Keywords:  Bacillus coagulans; Caenorhabditis elegans; RNA interference; RNA-seq; non-coding DNA; non-coding genome; satellites; small RNA; tandem repeats

Mesh:

Substances:

Year:  2021        PMID: 34828257      PMCID: PMC8625621          DOI: 10.3390/genes12111651

Source DB:  PubMed          Journal:  Genes (Basel)        ISSN: 2073-4425            Impact factor:   4.096


1. Introduction

DNA tandem repeats (satellites) are present in most eukaryotic species, but their amount and composition vary significantly, even in closely related species. Centromere and telomere repeats have been studied in great detail [1]. These repeats are frequently expressed as RNA transcripts [2], although the role of such RNAs is poorly understood. A thorough study of repeat transcription in the pericentric heterochromatin of Drosophila has been recently published [3]; previous studies in Drosophila have been reviewed by different authors [4,5]. In the case of human centromeric satellites, it appears that α-satellite RNA transcripts are involved in centromere–nucleolus interactions [6]. Transcription of telomeric satellites has also been described [7]. A few other repetitive sequences have also been found to be transcribed, such as mammalian Alu sequences [8]. However, there is no detailed study on the transcription of the interspersed satellites found in many species. Therefore, we decided to study the abundant satellites in two species for which RNA-seq data are available: the free-living model nematode C. elegans and the bacterium B. coagulans. We have analyzed these satellites in available RNA-seq results [9,10,11] and found that they are widely transcribed. Our results add a new group of RNA molecules that might play a role in RNA interference.

2. Materials and Methods

We first determined the distribution of satellites and their families in an updated genome sequence of C. elegans [12]. We used the methodology described in detail elsewhere [13]. A complete list of satellites and their families is given in the Supplementary Materials (Tables S1–S4). Each family is formed by satellites with the same repeat length and a similar sequence; characterized by three values: Fam_a_b_c. The order in the list of families is given by a, starting with those families with the largest number of members. The second value, b, gives the size of the repeat; c gives the number of members in the family. We have next aligned the consensus repeat of the main C. elegans satellite families with the RNA-seq data [9,10], using the Blastn facility in the SRA-NCBI website [14]. Sequence Read Archive (SRA) is the largest publicly available repository of high throughput sequencing data.
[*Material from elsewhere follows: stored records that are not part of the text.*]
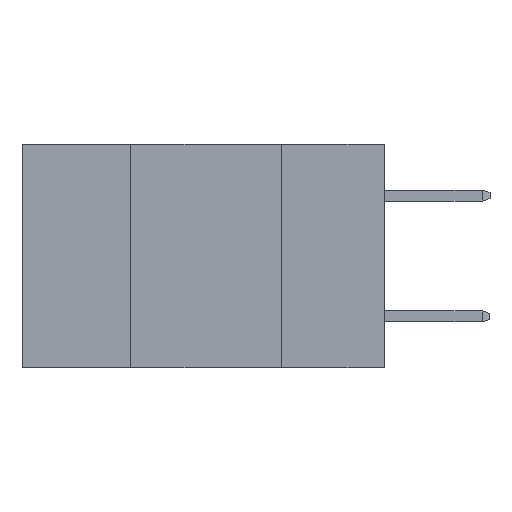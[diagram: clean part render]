
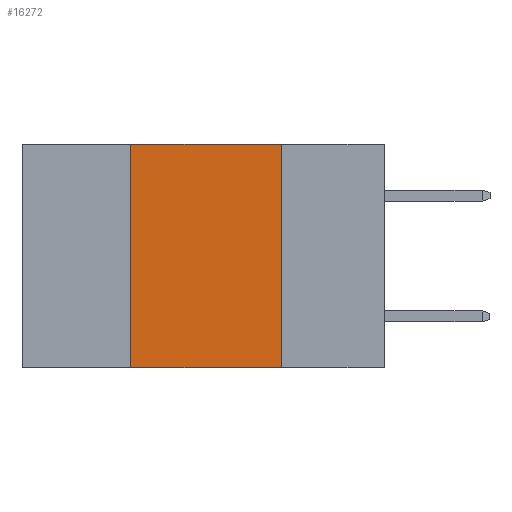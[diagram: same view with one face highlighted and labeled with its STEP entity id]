
A CAD part, left-side view. The second image highlights one B-rep face of the part: STEP entity #16272.
In plain terms, the highlighted planar face has unit normal (-1, 0, 0).
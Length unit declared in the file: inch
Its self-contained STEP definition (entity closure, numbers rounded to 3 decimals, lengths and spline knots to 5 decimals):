
#692 = ORIENTED_EDGE ( 'NONE', *, *, #15297, .T. ) ;
#1796 = CARTESIAN_POINT ( 'NONE',  ( 0., 0.17, -0.37 ) ) ;
#1973 = VECTOR ( 'NONE', #7731, 39.37008 ) ;
#3401 = ORIENTED_EDGE ( 'NONE', *, *, #22410, .F. ) ;
#3559 = CARTESIAN_POINT ( 'NONE',  ( 0., 0.17, 0. ) ) ;
#5508 = CARTESIAN_POINT ( 'NONE',  ( 0., 0.42, 0. ) ) ;
#5934 = EDGE_LOOP ( 'NONE', ( #3401, #9908, #15196, #692 ) ) ;
#5983 = PLANE ( 'NONE',  #14265 ) ;
#6524 = LINE ( 'NONE', #13234, #12977 ) ;
#7731 = DIRECTION ( 'NONE',  ( 0., 0., 1. ) ) ;
#9908 = ORIENTED_EDGE ( 'NONE', *, *, #15256, .F. ) ;
#10376 = DIRECTION ( 'NONE',  ( 1., 0., 0. ) ) ;
#10409 = VERTEX_POINT ( 'NONE', #1796 ) ;
#11536 = CARTESIAN_POINT ( 'NONE',  ( 0., 0.42, 0. ) ) ;
#11866 = LINE ( 'NONE', #14723, #27305 ) ;
#12977 = VECTOR ( 'NONE', #15321, 39.37008 ) ;
#13234 = CARTESIAN_POINT ( 'NONE',  ( 0., 0.6, -0.37 ) ) ;
#14265 = AXIS2_PLACEMENT_3D ( 'NONE', #20943, #10376, #25173 ) ;
#14723 = CARTESIAN_POINT ( 'NONE',  ( 0., 0.17, 0. ) ) ;
#15196 = ORIENTED_EDGE ( 'NONE', *, *, #26879, .F. ) ;
#15256 = EDGE_CURVE ( 'NONE', #26742, #25166, #19248, .T. ) ;
#15297 = EDGE_CURVE ( 'NONE', #19462, #10409, #6524, .T. ) ;
#15321 = DIRECTION ( 'NONE',  ( 0., -1., 0. ) ) ;
#16210 = FACE_OUTER_BOUND ( 'NONE', #5934, .T. ) ;
#16272 = ADVANCED_FACE ( 'NONE', ( #16210 ), #5983, .F. ) ;
#16847 = DIRECTION ( 'NONE',  ( 0., 0., -1. ) ) ;
#18570 = VECTOR ( 'NONE', #25740, 39.37008 ) ;
#19120 = LINE ( 'NONE', #5508, #1973 ) ;
#19248 = LINE ( 'NONE', #19427, #18570 ) ;
#19427 = CARTESIAN_POINT ( 'NONE',  ( 0., 0.6, 0. ) ) ;
#19462 = VERTEX_POINT ( 'NONE', #26353 ) ;
#20943 = CARTESIAN_POINT ( 'NONE',  ( 0., 0.6, 0. ) ) ;
#22410 = EDGE_CURVE ( 'NONE', #25166, #10409, #11866, .T. ) ;
#25166 = VERTEX_POINT ( 'NONE', #3559 ) ;
#25173 = DIRECTION ( 'NONE',  ( 0., 0., -1. ) ) ;
#25740 = DIRECTION ( 'NONE',  ( 0., -1., 0. ) ) ;
#26353 = CARTESIAN_POINT ( 'NONE',  ( 0., 0.42, -0.37 ) ) ;
#26742 = VERTEX_POINT ( 'NONE', #11536 ) ;
#26879 = EDGE_CURVE ( 'NONE', #19462, #26742, #19120, .T. ) ;
#27305 = VECTOR ( 'NONE', #16847, 39.37008 ) ;
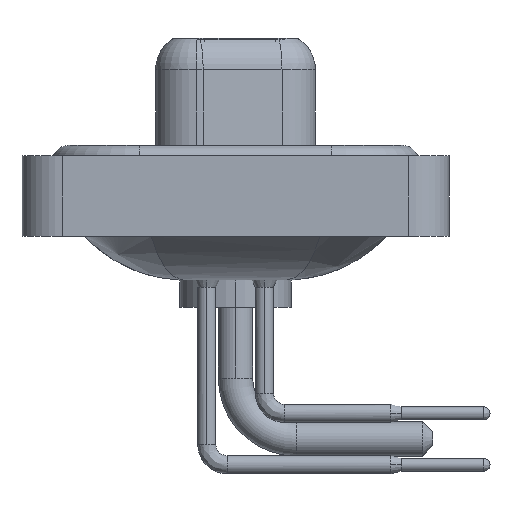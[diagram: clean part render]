
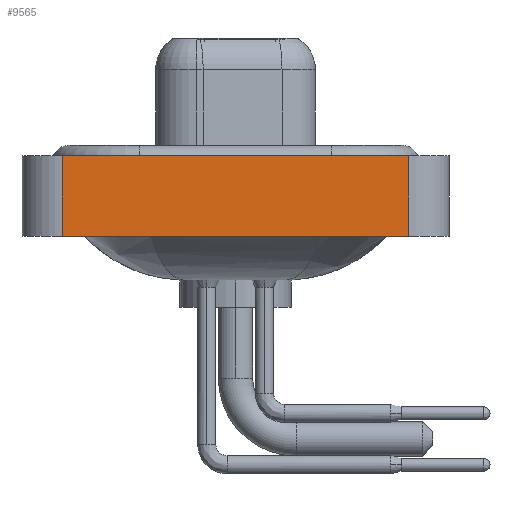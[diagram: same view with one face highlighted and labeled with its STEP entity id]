
A CAD part, left-side view. The second image highlights one B-rep face of the part: STEP entity #9565.
In plain terms, the highlighted planar face has unit normal (-1, 0, 0).
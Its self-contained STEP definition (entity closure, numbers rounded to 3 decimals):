
#1284 = VECTOR ( 'NONE', #11831, 1000. ) ;
#2845 = CARTESIAN_POINT ( 'NONE',  ( -7.3, -8.55, 0.4 ) ) ;
#3087 = ORIENTED_EDGE ( 'NONE', *, *, #22221, .T. ) ;
#3732 = DIRECTION ( 'NONE',  ( 0., -1., 0. ) ) ;
#4611 = DIRECTION ( 'NONE',  ( 0., 0., 1. ) ) ;
#5171 = EDGE_CURVE ( 'NONE', #20022, #19459, #6673, .T. ) ;
#5275 = VERTEX_POINT ( 'NONE', #21981 ) ;
#6673 = LINE ( 'NONE', #18821, #1284 ) ;
#7571 = CARTESIAN_POINT ( 'NONE',  ( -7.3, 8.55, -3.6 ) ) ;
#8145 = ORIENTED_EDGE ( 'NONE', *, *, #5171, .T. ) ;
#8223 = PLANE ( 'NONE',  #21764 ) ;
#9565 = ADVANCED_FACE ( 'NONE', ( #9906 ), #8223, .T. ) ;
#9880 = ORIENTED_EDGE ( 'NONE', *, *, #12338, .F. ) ;
#9906 = FACE_OUTER_BOUND ( 'NONE', #21440, .T. ) ;
#10570 = VECTOR ( 'NONE', #21992, 1000. ) ;
#10712 = CARTESIAN_POINT ( 'NONE',  ( -7.3, -8.55, -3.6 ) ) ;
#11202 = CARTESIAN_POINT ( 'NONE',  ( -7.3, 8.55, -3.6 ) ) ;
#11218 = CARTESIAN_POINT ( 'NONE',  ( -7.3, -8.55, -3.6 ) ) ;
#11831 = DIRECTION ( 'NONE',  ( 0., 0., 1. ) ) ;
#12338 = EDGE_CURVE ( 'NONE', #22096, #5275, #21666, .T. ) ;
#12808 = VECTOR ( 'NONE', #3732, 1000. ) ;
#13289 = CARTESIAN_POINT ( 'NONE',  ( -7.3, -8.55, -3.6 ) ) ;
#14823 = LINE ( 'NONE', #2845, #19056 ) ;
#17457 = ORIENTED_EDGE ( 'NONE', *, *, #21381, .F. ) ;
#17792 = LINE ( 'NONE', #10712, #12808 ) ;
#18345 = DIRECTION ( 'NONE',  ( -1., 0., 0. ) ) ;
#18409 = DIRECTION ( 'NONE',  ( 0., -1., 0. ) ) ;
#18821 = CARTESIAN_POINT ( 'NONE',  ( -7.3, -8.55, -3.6 ) ) ;
#19056 = VECTOR ( 'NONE', #18409, 1000. ) ;
#19459 = VERTEX_POINT ( 'NONE', #21901 ) ;
#20022 = VERTEX_POINT ( 'NONE', #11218 ) ;
#21381 = EDGE_CURVE ( 'NONE', #5275, #19459, #14823, .T. ) ;
#21440 = EDGE_LOOP ( 'NONE', ( #8145, #17457, #9880, #3087 ) ) ;
#21666 = LINE ( 'NONE', #11202, #10570 ) ;
#21764 = AXIS2_PLACEMENT_3D ( 'NONE', #13289, #18345, #4611 ) ;
#21901 = CARTESIAN_POINT ( 'NONE',  ( -7.3, -8.55, 0.4 ) ) ;
#21981 = CARTESIAN_POINT ( 'NONE',  ( -7.3, 8.55, 0.4 ) ) ;
#21992 = DIRECTION ( 'NONE',  ( 0., 0., 1. ) ) ;
#22096 = VERTEX_POINT ( 'NONE', #7571 ) ;
#22221 = EDGE_CURVE ( 'NONE', #22096, #20022, #17792, .T. ) ;
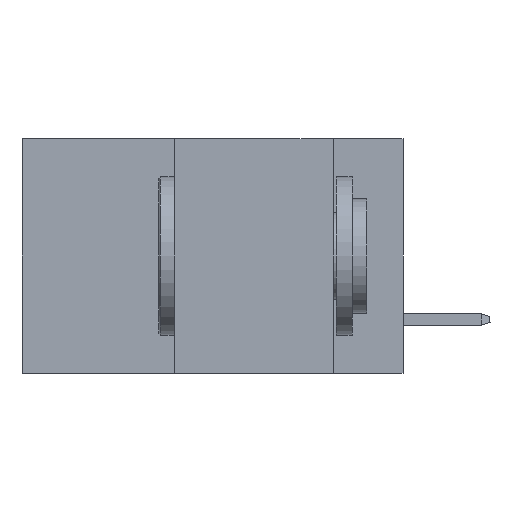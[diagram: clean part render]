
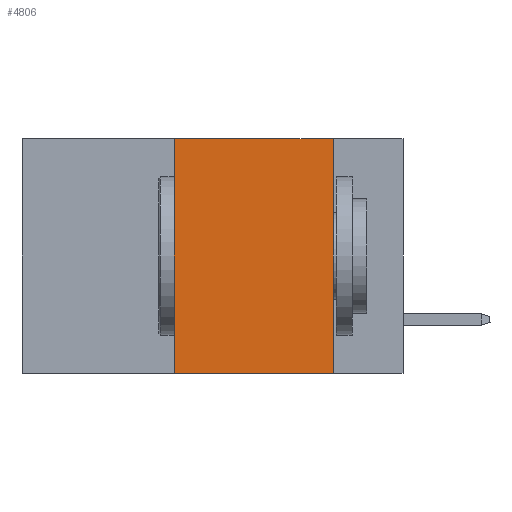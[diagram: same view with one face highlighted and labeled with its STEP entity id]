
A CAD part, left-side view. The second image highlights one B-rep face of the part: STEP entity #4806.
In plain terms, the highlighted planar face has unit normal (-1, 0, 0).
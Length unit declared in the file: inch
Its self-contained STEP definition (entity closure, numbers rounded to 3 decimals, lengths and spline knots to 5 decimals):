
#128 = CARTESIAN_POINT ( 'NONE',  ( 0., 0.6, -0.37 ) ) ;
#1139 = ORIENTED_EDGE ( 'NONE', *, *, #25481, .F. ) ;
#1666 = CARTESIAN_POINT ( 'NONE',  ( 0., 0.11, -0.37 ) ) ;
#1946 = EDGE_LOOP ( 'NONE', ( #4545, #8495, #1139, #32073 ) ) ;
#2796 = CARTESIAN_POINT ( 'NONE',  ( 0., 0.36, -0.37 ) ) ;
#2870 = FACE_OUTER_BOUND ( 'NONE', #1946, .T. ) ;
#3074 = LINE ( 'NONE', #16349, #24481 ) ;
#4545 = ORIENTED_EDGE ( 'NONE', *, *, #33139, .F. ) ;
#4806 = ADVANCED_FACE ( 'NONE', ( #2870 ), #10325, .F. ) ;
#4817 = LINE ( 'NONE', #33126, #32105 ) ;
#5621 = VECTOR ( 'NONE', #22816, 39.37008 ) ;
#5853 = VECTOR ( 'NONE', #8337, 39.37008 ) ;
#5910 = DIRECTION ( 'NONE',  ( 1., 0., 0. ) ) ;
#6122 = CARTESIAN_POINT ( 'NONE',  ( 0., 0.6, 0. ) ) ;
#7306 = CARTESIAN_POINT ( 'NONE',  ( 0., 0.11, 0. ) ) ;
#7618 = VERTEX_POINT ( 'NONE', #7306 ) ;
#8337 = DIRECTION ( 'NONE',  ( 0., -1., 0. ) ) ;
#8495 = ORIENTED_EDGE ( 'NONE', *, *, #18712, .F. ) ;
#10325 = PLANE ( 'NONE',  #18228 ) ;
#13967 = EDGE_CURVE ( 'NONE', #21642, #24227, #26237, .T. ) ;
#16146 = CARTESIAN_POINT ( 'NONE',  ( 0., 0.36, 0. ) ) ;
#16349 = CARTESIAN_POINT ( 'NONE',  ( 0., 0.11, 0. ) ) ;
#18228 = AXIS2_PLACEMENT_3D ( 'NONE', #24015, #5910, #20771 ) ;
#18712 = EDGE_CURVE ( 'NONE', #26545, #7618, #21653, .T. ) ;
#20771 = DIRECTION ( 'NONE',  ( 0., 0., -1. ) ) ;
#21642 = VERTEX_POINT ( 'NONE', #2796 ) ;
#21653 = LINE ( 'NONE', #6122, #5853 ) ;
#22816 = DIRECTION ( 'NONE',  ( 0., -1., 0. ) ) ;
#23086 = DIRECTION ( 'NONE',  ( 0., 0., 1. ) ) ;
#24015 = CARTESIAN_POINT ( 'NONE',  ( 0., 0.6, 0. ) ) ;
#24227 = VERTEX_POINT ( 'NONE', #1666 ) ;
#24481 = VECTOR ( 'NONE', #29190, 39.37008 ) ;
#25481 = EDGE_CURVE ( 'NONE', #21642, #26545, #4817, .T. ) ;
#26237 = LINE ( 'NONE', #128, #5621 ) ;
#26545 = VERTEX_POINT ( 'NONE', #16146 ) ;
#29190 = DIRECTION ( 'NONE',  ( 0., 0., -1. ) ) ;
#32073 = ORIENTED_EDGE ( 'NONE', *, *, #13967, .T. ) ;
#32105 = VECTOR ( 'NONE', #23086, 39.37008 ) ;
#33126 = CARTESIAN_POINT ( 'NONE',  ( 0., 0.36, 0. ) ) ;
#33139 = EDGE_CURVE ( 'NONE', #7618, #24227, #3074, .T. ) ;

As a query, we used two repeats for repeat lengths over 30 nucleotides (nt), and three repeats for shorter lengths; six repeats were used for the telomere repeat Fam_1_12_169. Five hundred hits with the highest identity score were collected and filtered by the percentage of sequence similarity. Each hit provides a read sequence (called spot) which contains a few repeats of the satellites. The number of repeats is limited by the short length of the RNA-seq spots, a maximum of 140 nt in this case. The RNA-seq data published by Kaletsky et al. [9] have several libraries from different replicate experiments carried out with four tissues of C. elegans. For our study, we have chosen two replicates for each tissue, three for neurons, as described in the results section. For B. coagulans we used the same procedure, with the satellite data previously reported [15] and the RNA-seq data of Qin et al. [11]. We enclose the list of B. coagulans satellite families in Supplementary Table S5.

3. Results

3.1. Caenorhabditis Elegans

We performed our search for the expression of satellites as described in the previous section. The results obtained are presented in Table 1. In the upper half of Table 1, we compare the results available in different tissues, using the second-largest satellite family found in the C. elegans genome: Fam_2_35_166. This family has 166 satellites distributed throughout the genome, although it is absent in the X chromosome. This absence suggests a specific function for this family of satellites. Its consensus repeat length of 35 nt is: AAtTgAAAATTTCCGGCAAATCGGCAAaTTGCCGg. The satellites in this family have a highly variable length (4–214 repeats), with an average length of 15.4 repeats. From the results shown in Table 1, it is clear that these satellites are expressed in all tissues, but their expression appears to be more extensive in neurons.
Table 1

Transcription of satellites in Caenorhabditis elegans.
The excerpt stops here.